When using the Pandas runner, the config requires a value for ‘quoting’. This refers to which types of value Pandas wraps in quotes (“”) when reading and writing csv files. Options are: minimal (the default), all, non-numeric, or none. All will wrap all values in quotes, none will wrap no values. Minimal will wrap any value that contains commas, and non-numeric will wraps all text data but not numeric values. An example of this is shown here.

Input data¶

Flat file input (.csv) or SQL database describing account, location, and reinsurance data.

An example input location file with accompanying config and mapping file is available here.

Mapping files¶

A mapping file describes the conversion between two data formats. They are written as a .yaml text file.

A mapping file can be used to define a forward transformation (e.g., Model A to B) and a reverse transformation (Model B to A).

Multiple mapping files can be used together to define a mapping between a source and destination format that do not appear in the same mapping file. I.e., A mapping file for model A to B and and a mapping file for Model B to C, can be used to transform data directly from A to C.

The mapping file header describes the mapping version, the source and destination formats (and their versions), and information about when and who created the mapping.

The mapping file defines the source field data types and the transformations to be performed. Transformations can copy one field into another, substitute field values using a replace function, or include conditional transformation using a where clause, as in the example below.

Mapping file templates are available in the GitHub project default mappings folder. These are published mapping files, for community use; they can be copied and edited to create your own versions.

By copying and editing these, a user can tailor the mapping for a specific case (a portfolio or user may require a specific match-up of occupancy code in the source and destination formats, which is not used in the default file), or to accommodate a model version update. We encourage you to share new mappings via this GitHub repo (with update headers to describe the new version and your changes).

Mapping file naming should follow this convention mapping_<filetype>_<origin>-<target>_<date yymmdd>_<tag>.yaml, where:

<filetype> refers to account/contract, location, or reinsurance
<origin> refers to the origin data format of the forward transformation
<target> refers to the destination data format of the forward transformation
<date> is the date the mapping was completed or published (yymmdd)
<tag> describes the organisation who published the mapping file, and if relevant the specific client/portfolio it is specifically used for.

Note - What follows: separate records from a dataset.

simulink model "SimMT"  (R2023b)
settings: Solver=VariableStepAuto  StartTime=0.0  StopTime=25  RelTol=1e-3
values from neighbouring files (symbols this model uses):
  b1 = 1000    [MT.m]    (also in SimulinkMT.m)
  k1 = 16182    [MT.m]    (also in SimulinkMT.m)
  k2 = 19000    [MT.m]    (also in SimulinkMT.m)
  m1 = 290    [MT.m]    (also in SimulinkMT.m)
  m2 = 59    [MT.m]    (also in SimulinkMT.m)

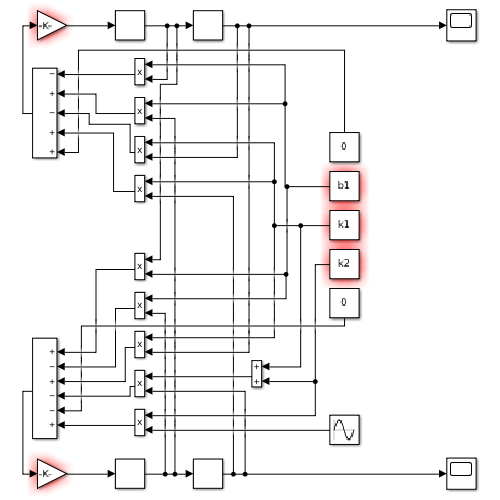
[thumbnail: Simulink's stored preview of the top-level diagram]
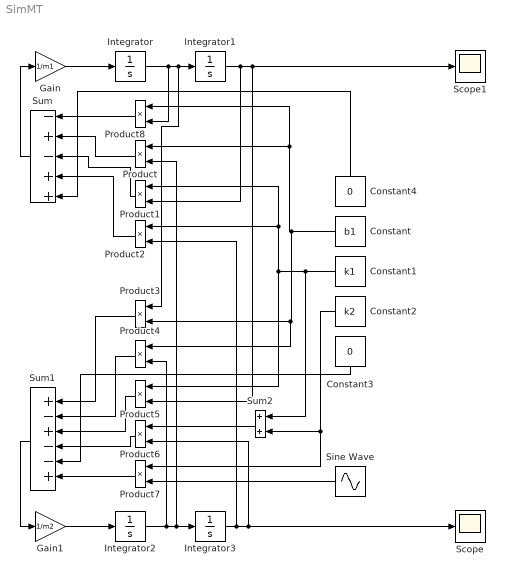
== system SimMT ==
  Constant : Constant  Value=b1
  Constant1 : Constant  Value=k1
  Constant2 : Constant  Value=k2
  Constant3 : Constant  Value=0
  Constant4 : Constant  Value=0
  Gain : Gain  Gain=1/m1
  Gain1 : Gain  Gain=1/m2
  Integrator{,1..3} (4 alike) : Integrator
  Product{,1..8} (9 alike) : Product
  Scope : Scope
  Scope1 : Scope
  Sine Wave : Sin  Amplitude=0.05  Frequency=0.5*pi  SampleTime=0
  Sum : Sum  Inputs=-+-++
  Sum1 : Sum  Inputs=+-+--+
  Sum2 : Sum
  wires:
  Integrator/1 -> Product8/2, Product3/1, Integrator1/1
  Integrator2/1 -> Product4/2, Product/2, Integrator3/1
  Gain1/1 -> Integrator2/1
  Gain/1 -> Integrator/1
  Product3/1 -> Sum1/1
  Product4/1 -> Sum1/2
  Product5/1 -> Sum1/3
  Product6/1 -> Sum1/4
  Product7/1 -> Sum1/6
  Integrator3/1 -> Product2/2, Product6/2, Scope/1
  Integrator1/1 -> Product1/2, Product5/2, Scope1/1
  Sum1/1 -> Gain1/1
  Sum/1 -> Gain/1
  Product8/1 -> Sum/1
  Product/1 -> Sum/2
  Product1/1 -> Sum/3
  Product2/1 -> Sum/4
  Constant/1 -> Product4/1, Product3/2, Product/1, Product8/1
  Constant1/1 -> Sum2/1, Product5/1, Product2/1, Product1/1
  Sum2/1 -> Product6/1
  Constant2/1 -> Product7/1, Sum2/2
  Constant3/1 -> Sum1/5
  Constant4/1 -> Sum/5
  Sine Wave/1 -> Product7/2

For example, mapping_loc_Cede-OED_220124_Oasis.yaml would be a template file developed by Oasis to convert location details from CEDE to OED and mapping_acc_Cede-OED_220124_Oasis.yaml would be the accompanying account mapping file.

For more information on the structure of a mapping file and the operations that can be used, please see these pages:

Data validation definition¶

One validation definition file is required for each input file. These .yaml files describe the data validation fields and values that will be checked before and after the transformation. Validation can be defined to report (for example) sum, max, min or average values by user-defined groupings - e.g., sum of building TIV per occupancy and peril. All field references contained within the file must be the fields relevant to that format.

Validation file naming should follow this convention validation_<format>_<file_full>_<file_short>.yaml, where:

<format> refers to the data format to be validated, e.g., validation_CEDE_Location_loc.yaml
<file_full> refers to ‘Account’, ‘Location’ or ‘Reinsurance’
<file_short> refers to ‘acc’, ‘loc’ or ‘reins’

Portfolio metadata¶

Portfolio metadata is optional information that provides a high-level context about the portfolio being transformed. The metadata includes, for example, the portfolio as-at date, geographic coverage, perils included, and summary of conditions. This is useful for recording the types of portfolio that have been transformed, and has value in understanding what types of data testing has been conducted for, and the success of transformation for different portolio types.